I succeed to train and convert object detection tensorflow saved model to tensorflowJS on my custom data using this post https://blog.tensorflow.org/2021/01/custom-object-detection-in-browser.html , this notebook https://colab.research.google.com/drive/1MdzgmdYJk947sXyls45V7auMPttHelBZ?usp=sharing and using this raactJS app template https://github.com/hugozanini/TFJS-object-detection , but can not figure out tensorflowJS model's predicted tensor array elements to draw squares on video window in react app in JS, got below issue.

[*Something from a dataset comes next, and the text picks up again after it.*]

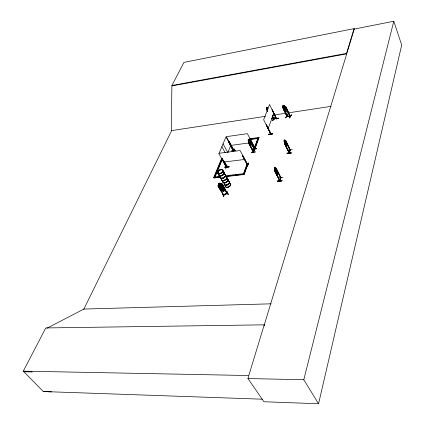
<?xml version="1.0" encoding="UTF-8"?>
<svg xmlns="http://www.w3.org/2000/svg" width="425" height="425" viewBox="0 0 425 425"><rect width="100%" height="100%" fill="white"/><g stroke="black" fill="none" stroke-linecap="round" stroke-linejoin="round"><path stroke-width="0.64" d="M248.588 141.302L248.567 142.173L249.629 144.202L250.277 144.574L250.638 143.65L250.378 142.285L248.359 139.219L248.976 140.308M51.558 391.887L43.302 391.537L23.295 371.142L45.783 327.946L264.223 324.833L264.663 325.545L264.063 325.555L354.248 29.081L354.083 28.64L183.935 62.39L171.902 85.499L171.286 130.688L171.652 130.629L83.874 309.065L46.92 328.249M286.907 116.211L290.381 116.45L286.227 107.557L285.834 107.637L289.951 116.546L289.972 116.083L290.312 116.572L285.876 106.983L284.506 106.558L283.964 105.485M290.158 116.253L287.093 116.121L290.27 116.115L289.877 116.105M286.827 116.354L290.291 116.562M282.747 107.36L287.204 116.349L283.905 109.151M271.888 118.384L273.971 118.91L273.482 118.506M287.013 116.046L286.663 116.004L287.273 116.248M289.887 150.009L290.169 149.648L290.036 149.988M290.025 150.275L290.328 149.977M274.359 168.528L274.938 169.665L274.725 171.163L275.543 167.822L275.873 167.875L280.925 177.916L276.123 168.842L276.377 168.523L280.904 177.947L275.512 167.88M280.728 177.974L280.686 177.273L279.724 180.949L274.699 171.148M279.724 180.907L279.847 180.577M270.704 134.04L270.996 133.753L270.884 134.061L266.459 124.966L270.98 133.785M291.226 153C283.725 154.429 287.624 152.288 291.231 153.027M286.981 153.228L291.29 152.851L287.045 153.356M281.871 180.561L277.536 180.997M281.897 180.853L277.567 181.358L281.897 180.885L281.871 180.519M281.94 180.731L277.61 181.199L281.934 180.683M277.562 181.342L277.541 180.992M268.706 134.226C281.153 132.621 260.249 135.841 272.701 133.647M255.329 152.012C250.187 152.092 249.475 153.005 255.372 151.858M228.9 166.648C216.155 168.024 237.612 166.021 224.974 167.11M228.932 166.956L228.9 166.611M254.463 148.798L254.341 149.377M254.623 149.138L253.47 152.113L249.008 143.023L248.896 143.299M253.295 151.475L253.167 151.81L254.49 149.095M253.433 151.518L254.384 149.186M253.151 151.757L253.332 152.129L253.624 151.799L249.008 143.023M254.198 149.053L254.293 148.824M233.463 150.705L233.527 150.439L233.261 150.79M226.918 166.425L227.104 167.03L227.104 166.701M219.098 184.795L218.684 185.523L219.852 187.547L221.042 188.062L222.195 190.065L223.476 189.417L222.317 187.398L222.509 186.198L221.345 184.168L220.447 184.158L219.847 183.005L218.466 183.706L219.173 184.838L218.259 185.305L218.009 185.9M289.234 152.49L288.92 152.782L290.163 149.988M281.021 177.592L279.873 180.933L275.198 171.514L279.926 180.896L279.682 180.248M270.72 134.093L263.665 119.786L269.535 104.46L276.425 118.942L276.537 118.628M227.237 166.727L224.575 161.962M248.715 376.019L247.945 378.537L263.93 401.747L318.564 403.75L401.705 45.039L393.789 21.25L354.248 29.081M222.403 171.397L222.668 171.482L222.477 171.291M222.7 171.365L222.381 171.684L222.413 171.302M222.445 171.296L222.721 171.36M318.564 403.75L303.806 379.743L393.789 21.25M218.721 171.78L218.211 172.125M218.609 172.104L218.45 171.668L218.126 172.237M218.349 172.067L218.354 172.178M172.125 85.887L346.71 53.853L346.54 53.407L354.083 28.64M264.223 324.833L248.795 375.535L23.295 371.142M227.402 192.987L227.582 193.306L223.433 195.394L217.94 185.879L218.206 185.247L221.414 183.621L222.073 183.786L227.556 193.333L227.364 192.992L223.268 195.086M223.215 194.985L223.577 194.772L223.895 195.16L223.417 195.272M283.087 177.358L278.773 177.762M292.267 149.515L288.182 150.067M279.671 180.285C279.273 182.256 282.535 172.518 279.878 180.327M289.117 153.09L290.153 150.02L289.94 149.733M276.914 174.877L277.78 172.348L277.339 170.935M286.439 147.098L287.321 144.739L286.891 143.31M277.403 170.898L277.854 172.353L276.973 174.935L276.234 174.154L276.962 174.872M285.797 146.359L286.493 147.151L287.295 144.728M284.814 143.746L289.276 153.096L284.341 143.363L285.132 140.223L290.19 150.317L285.919 140.946L290.328 150.03L289.25 153.106L284.957 143.73L284.862 144.011M275.559 167.875L275.294 168.64L274.662 167.439L276.696 170.584L276.967 172.029L276.611 173.055L275.963 172.704M284.325 142.641L284.559 141.955L283.985 140.818L284.293 139.798L284.893 140.994L285.143 140.277M275.198 171.514L275.241 171.801M290.047 150.333L285.775 140.967M276.377 168.523L276.123 168.842M285.919 140.946L285.674 141.249M274.709 167.434L274.279 168.534L274.89 170.595L280.022 180.625M274.433 118.756L278.476 118.166M270.64 133.514L270.566 133.774L270.672 133.477M276.558 118.681L276.383 118.309L276.133 118.644M276.356 118.681L276.287 118.963L276.526 118.655L272.149 109.878L276.362 118.708M266.459 124.966L266.358 125.232L266.597 124.945M276.425 118.942L272.287 109.857M247.047 166.186C250.601 158.939 245.958 165.957 247.371 166.34L248.524 163.184L247.143 166.366M254.575 147.528C255.356 148.277 253.587 147.225 254.58 147.629M233.782 150.726L226.307 136.664L247.387 133.662L254.777 147.826L254.309 148.022L254.687 147.964L250.192 139.071L249.788 139.23L254.352 148.012L254.702 147.953M255.266 146.221L254.198 149.398L255.542 146.354L254.405 149.356M254.198 149.398L255.329 146.343M255.367 146.359L254.219 149.366M268.085 128.717L273.822 113.353M246.41 166.393L247.143 164.682M256.615 148.66L252.477 149.17L256.594 148.649M226.312 176.556L244.062 174.516L247.945 163.678L247.164 163.774L243.27 174.606M254.772 147.146L255.717 144.665M256.19 143.427L257.848 139.087M254.628 149.079L249.916 140.351L254.479 149.127L253.348 152.097L248.418 142.662M254.538 147.767L255.308 147.661L258.947 137.472L249.804 138.741M255.308 147.661L258.947 137.472M247.122 164.613L247.711 164.852L243.004 155.954L242.638 156.002L247.334 164.927M252.572 149.35L256.546 148.771M243.493 174.016L245.963 167.567M244.062 174.516L247.945 163.678M250.564 146.29L251.451 144.001L250.623 146.343L249.889 145.573M254.363 149.43L249.916 140.351M250.054 140.33L249.81 140.622M266.475 108.529L266.316 108.874L267.5 111.254M266.363 108.89L266.507 108.566L268.079 108.997L267.564 107.876L266.634 107.679M248.407 139.214L247.972 140.213L248.62 141.302L248.354 142.688L248.29 141.95L249.241 139.634L249.565 139.708L254.511 149.382M248.981 140.377L249.241 139.634M235.567 150.498L231.604 150.843M233.947 150.386L234.191 150.673L229.537 141.929L229.187 141.982L233.851 150.721M225.617 168.953L227.003 165.819M226.706 166.935L226.87 167.381L226.44 167.45L221.685 158.674L222.041 158.626L226.913 167.269M233.564 150.769L233.431 151.103L225.994 136.861L219.178 153.037M234.021 150.36L233.607 150.402L234.079 150.243M233.229 151.587L234.292 149L233.399 151.677M233.378 151.544L234.34 149.154M229.537 141.929L229.144 142.083M226.509 167.439L226.828 167.386L222.041 158.626M233.245 150.732L233.431 151.103L228.873 142.178L233.612 151.018M230.717 145.578L227.837 152.596L223.04 143.863M214.827 177.299L222.434 158.955M220.442 177.236L213.817 178.001L213.663 177.73L221.792 158.174M214.577 176.163L219.146 165.16M219.656 163.938L220.416 162.106M220.926 160.884L221.685 159.051M229.181 141.599L228.947 142.163L233.713 150.811L233.527 150.439M222.031 159.301L214.577 177.91M228.878 142.795L229.388 141.567L228.65 141.674M282.402 106.84L282.604 106.457M289.159 152.846L284.516 142.848L283.985 140.818M253.231 151.544L253.603 151.815M253.518 152.044L248.864 143.039M227.327 192.902L227.035 193.173M227.55 193.194L227.125 193.518L222.11 184.652L222.488 184.461L222.142 184.742L227.125 193.518M223.449 195.266L227.46 193.226M218.407 171.732L218.184 172.274L218.848 171.758M280.638 177.347L280.707 177.629M289.021 152.517L289.09 152.777M270.89 134.029L266.496 125.21M227.152 166.961L223.842 161.128M223.683 189.773L224.161 189.067L223.003 187.053L221.818 186.532L220.655 184.519L219.374 185.173L220.543 187.197L220.352 188.403L221.515 190.411L222.381 190.48M289.377 117.938C295.726 108.72 284.936 123.994 291.619 115.058M285.802 117.72L287.805 114.649L285.717 117.539M283.767 109.735L284.617 110.877C289.43 112.402 286.663 109.135 285.823 107.026M286.227 107.557L285.834 107.637M284.617 110.877L287.369 111.01M283.985 105.453L286.2 109.055L286.03 109.9L284.941 109.836L283.948 108.922L282.986 106.866L283.395 106.532L282.896 105.395M218.795 171.976L218.349 172.237M222.785 193.896L223.693 196.775L222.907 194.044M271.687 118.251L273.525 118.602M271.782 118.155L273.822 118.575L273.424 118.649M275.188 117.385C273.796 120.865 269.955 121.757 275.31 117.555M272.579 120.328L275.278 117.528M272.723 120.376L275.432 117.592M223.869 196.648L222.796 193.869M266.746 109.406L267.596 111.153M267.564 107.876L266.613 107.605L267.192 108.736L266.438 108.566M267.341 109.129L266.581 107.631M274.502 118.883L278.492 118.177L274.417 118.756M235.562 150.439L231.705 150.965M218.216 171.865L218.721 171.663M218.328 171.913L218.678 171.748M226.302 167.014L226.477 167.328M254.341 147.9L254.272 147.544M233.819 150.609L233.745 150.259M234.154 150.673L233.952 150.37M267.16 108.768L266.852 109.007L267.591 110.527M286.732 115.903L287.109 116.376M223.231 194.953L223.523 195.362M226.982 193.04L223.678 194.751M280.723 177.592L280.675 177.31M290.062 116.429L287.013 109.91M218.546 183.749L219.831 183.095L220.458 184.184L222.084 183.812L224.846 188.716M218.763 186.357L218.418 186.639L218.763 186.357L223.847 195.181M221.037 188.052L222.323 187.409M223.948 188.015L223.741 186.697L223.948 188.015L220.729 189.651L219.624 188.785L220.74 189.598L223.879 187.967M221.436 190.883L222.392 190.395L222.998 191.558L224.352 190.83L223.747 189.784M224.581 189.279L223.672 189.747L224.299 190.846L223.013 191.468M221.446 190.958L220.777 190.767L221.446 190.958L224.623 189.306L224.899 188.711M228.087 194.549L228.321 194.432C224.745 186.102 230.201 199.984 227.099 191.887M272.531 116.493L273.875 119.005L272.425 116.073M287.831 114.803L285.696 117.55M226.573 167.285L218.705 153.345L240.098 150.53L247.722 164.719M247.164 164.454L247.584 164.422L247.132 164.581M218.445 171.689L218.726 171.827M171.902 85.499L346.54 53.407M265.45 116.338L171.302 130.65L171.668 130.597M272.659 115.239L331.027 106.367M272.76 133.769L268.77 134.39L272.792 133.795M249.788 139.23L250.15 139.177M251.876 138.741L253.162 138.561M259.085 137.742L258.182 137.578L254.394 147.496L255.17 147.39M250.224 139.219L257.959 138.152L258.102 138.423L250.362 139.49M231.03 145.382L248.71 142.981M250.676 142.71L251.988 142.534M249.879 145.61L248.375 142.673M284.251 142.619L284.368 143.379M221.643 158.785L221.999 158.738M242.595 156.108L242.962 156.06M285.786 146.402L286.45 147.156M290.078 150.083L289.255 152.522M248.54 163.205L248.221 163.051M223.593 162.084L244.858 159.423M214.678 177.028L219.89 176.428M225.76 175.748L243.36 173.708L243.509 173.979M217.435 176.997L218.742 176.843M228.517 175.716L229.819 175.562M231.774 175.339L233.734 175.111M235.689 174.887L236.991 174.733M239.599 174.436L240.901 174.282M213.663 177.73L220.293 176.965M226.164 176.29L243.913 174.239M286.981 116.2L282.428 106.808M83.449 309.076L271.049 303.822M247.945 378.537L303.806 379.743M23.885 371.742L32.236 371.976M43.302 391.537L262.416 399.197M273.711 118.825L273.939 118.888M273.785 119.021L271.798 118.479M284.012 105.421L282.816 105.389L283.395 106.532L282.545 106.447L282.359 106.824L286.848 116.338M282.577 106.489L285.26 106.638M291.624 115.069L291.343 114.872M286.965 116.041L286.7 116.014M249.209 139.687L249.56 139.756M289.212 152.426L289.372 152.756M273.434 118.633L273.578 118.968L272.154 116.004M285.536 144.946L286.147 145.329L286.482 144.373L286.222 142.959L284.298 139.873M223.231 185.805L222.132 184.939L218.917 186.612L219.162 187.887M223.189 185.837L222.121 184.992L218.907 186.58L219.114 187.903M283.804 109.735L284.649 110.813M224.437 161.978L226.966 167.046L223.704 161.144M222.913 159.46L222.153 158.366L222.838 159.593M221.871 146.646L225.181 152.649M247.228 164.438L247.393 164.773M242.638 156.002L247.345 164.794M249.831 139.124L254.384 147.895M266.395 108.858L267.522 111.169M272.521 115.977L273.939 118.904M251.079 142.625L251.52 144.006L251.037 142.63M224.379 174.123A2.948 1.711 -29.6 0 1 225.298 176.253A2.948 1.711 -29.6 0 1 221.855 178.266A2.948 1.711 -29.6 0 1 220.347 176.481M223.662 172.109A2.917 1.684 -29.6 0 1 223.778 174.431A2.917 1.684 -29.6 0 1 220.421 176.067A2.917 1.684 -29.6 0 1 219.146 174.308M224.809 174.138A2.911 1.684 -29.6 0 1 224.931 176.465A2.911 1.684 -29.6 0 1 221.579 178.096A2.911 1.684 -29.6 0 1 220.299 176.333M225.038 174.548A2.911 1.684 -29.6 0 1 223.954 177.889A2.911 1.684 -29.6 0 1 220.405 177.257M226.143 176.492A2.906 1.689 -29.6 0 1 226.27 178.824A2.906 1.689 -29.6 0 1 222.918 180.455A2.906 1.689 -29.6 0 1 221.637 178.686M224.448 174.245A2.948 1.711 -29.6 0 1 225.367 176.375A2.948 1.711 -29.6 0 1 221.924 178.388A2.948 1.711 -29.6 0 1 220.416 176.603M225.659 176.444A2.906 1.689 -29.6 0 1 226.573 178.553A2.906 1.689 -29.6 0 1 223.178 180.54A2.906 1.689 -29.6 0 1 221.685 178.771M223.938 172.077A2.959 1.705 -29.6 0 1 222.084 175.382A2.959 1.705 -29.6 0 1 218.822 174.569M223.428 171.695A2.917 1.679 -29.6 0 1 222.333 175.036A2.917 1.679 -29.6 0 1 218.779 174.415M223.072 171.806A2.959 1.705 -29.6 0 1 224.087 173.751A2.959 1.705 -29.6 0 1 220.984 175.897A2.959 1.705 -29.6 0 1 218.896 174.691M227.736 178.888A2.895 1.689 -29.6 0 1 225.59 182.298A2.895 1.689 -29.6 0 1 222.854 180.811M228.273 181.008A2.927 1.721 -29.6 0 1 229.298 182.968A2.927 1.721 -29.6 0 1 226.227 185.103A2.927 1.721 -29.6 0 1 224.14 183.876M227.566 179.031A2.895 1.695 -29.6 0 1 226.817 182.171A2.895 1.695 -29.6 0 1 223.013 182.192M228.698 181.034A2.89 1.695 -29.6 0 1 228.836 183.366A2.89 1.695 -29.6 0 1 225.505 184.987A2.89 1.695 -29.6 0 1 224.225 183.207M228.926 181.438A2.89 1.695 -29.6 0 1 229.064 183.77A2.89 1.695 -29.6 0 1 225.739 185.385A2.89 1.695 -29.6 0 1 224.453 183.611M229.452 183.175A2.874 1.695 -29.6 0 1 230.366 185.284A2.874 1.695 -29.6 0 1 227.014 187.25A2.874 1.695 -29.6 0 1 225.521 185.475M228.342 181.135A2.927 1.721 -29.6 0 1 229.367 183.095A2.927 1.721 -29.6 0 1 226.297 185.226A2.927 1.721 -29.6 0 1 224.214 183.998M227.518 178.861A2.938 1.716 -29.6 0 1 227.651 181.225A2.938 1.716 -29.6 0 1 224.267 182.872A2.938 1.716 -29.6 0 1 222.971 181.077M226.913 178.606A2.938 1.716 -29.6 0 1 227.837 180.742A2.938 1.716 -29.6 0 1 224.411 182.745A2.938 1.716 -29.6 0 1 222.897 180.954M226.307 176.811A2.895 1.684 -29.6 0 1 225.234 180.142A2.895 1.684 -29.6 0 1 221.696 179.504M226.243 176.673A2.906 1.689 -29.6 0 1 225.16 180.019A2.906 1.689 -29.6 0 1 221.611 179.382M229.532 183.303A2.885 1.7 -29.6 0 1 230.552 185.242A2.885 1.7 -29.6 0 1 227.524 187.345A2.885 1.7 -29.6 0 1 225.468 186.129M229.489 183.218A2.885 1.7 -29.6 0 1 230.504 185.157A2.885 1.7 -29.6 0 1 227.476 187.26A2.885 1.7 -29.6 0 1 225.42 186.044M285.998 145.026L285.887 145.355L285.478 143.347C284.346 143.358 284.474 141.557 285.43 142.864L285.223 140.988L285.621 142.912C286.79 142.97 286.668 144.702 285.664 143.379L285.998 145.026M276.447 172.757L276.335 173.108L275.905 171.047C274.736 171.094 274.826 169.288 275.852 170.547L275.639 168.608L276.059 170.584C277.286 170.627 277.18 172.29 276.101 171.068L276.447 172.757M250.107 144.282L249.99 144.601L249.576 142.657L248.678 142.03L248.806 141.722L249.528 142.184L249.326 140.372L249.73 142.237L250.66 142.885L250.511 143.188L249.773 142.688L250.107 144.282M276.383 118.347L276.271 118.623L276.409 118.331M220.878 186.363C221.308 188.355 219.449 188.514 220.469 186.272C217.68 185.667 219.263 184.609 220.617 185.868C220.262 184.073 221.983 183.526 221.032 185.975C223.821 186.612 222.397 187.68 220.878 186.363M222.126 186.851L221.983 188.232C220.479 186.931 219.024 187.977 221.829 188.62C220.883 191.053 222.588 190.501 222.238 188.727C223.582 189.97 225.16 188.918 222.387 188.323L222.594 186.612L222.126 186.851M225.048 167.285L228.974 166.812L225.048 167.285M284.851 108.386C285.196 110.08 283.555 109.432 284.484 108.131L283.172 106.872L284.601 107.897C284.24 106.255 285.929 106.935 284.973 108.168L286.354 109.512L284.851 108.386M276.505 171.132L276.154 172.157L275.081 170.048L275.437 169.023L276.505 171.132M286.046 143.475L285.717 144.431L284.697 142.333L285.032 141.376L286.046 143.475M274.699 167.886L274.662 168.922L274.699 167.886M284.33 140.234L284.298 141.222L284.33 140.234M250.187 142.779L249.826 143.708L248.763 141.674L249.124 140.749L250.187 142.779M248.397 139.639L248.354 140.601L248.397 139.639M219.698 183.366L218.87 183.786L219.077 184.147L219.906 183.727L219.698 183.366M221.823 186.543L220.543 187.197L221.818 186.532M223.762 190.427L222.939 190.846L223.146 191.202L223.97 190.782L223.762 190.427M283.858 105.66L283.156 105.623L284.027 106.027L283.858 105.66M284.654 106.962L283.565 106.898L284.532 108.954L285.616 109.018L284.654 106.962M267.474 108.046L266.884 107.902L267.649 108.412L267.474 108.046M219.449 173.57A2.917 1.673 -29.6 0 0 222.886 170.266A2.917 1.673 -29.6 0 0 218.492 170.802A2.927 1.679 -29.6 0 0 219.454 173.586A2.927 1.679 -29.6 0 0 222.902 170.271A2.927 1.679 -29.6 0 0 218.487 170.808A2.917 1.673 -29.6 0 0 219.449 173.57M219.571 173.782A2.917 1.673 -29.6 0 0 223.008 170.478A2.917 1.673 -29.6 0 0 218.609 171.015A2.917 1.673 -29.6 0 0 219.571 173.782M219.497 173.66A2.927 1.679 -29.6 0 0 222.944 170.345A2.927 1.679 -29.6 0 0 218.53 170.882A2.927 1.679 -29.6 0 0 219.497 173.66"/></g></svg>

https://colab.research.google.com/drive/1MdzgmdYJk947sXyls45V7auMPttHelBZ?usp=sharing

I can't understand and read the array output of TensorflowJS model, so can not use it to display result.

In prediction section of the below function, how to know which prediction tensor array element is for boxes, scores or classes?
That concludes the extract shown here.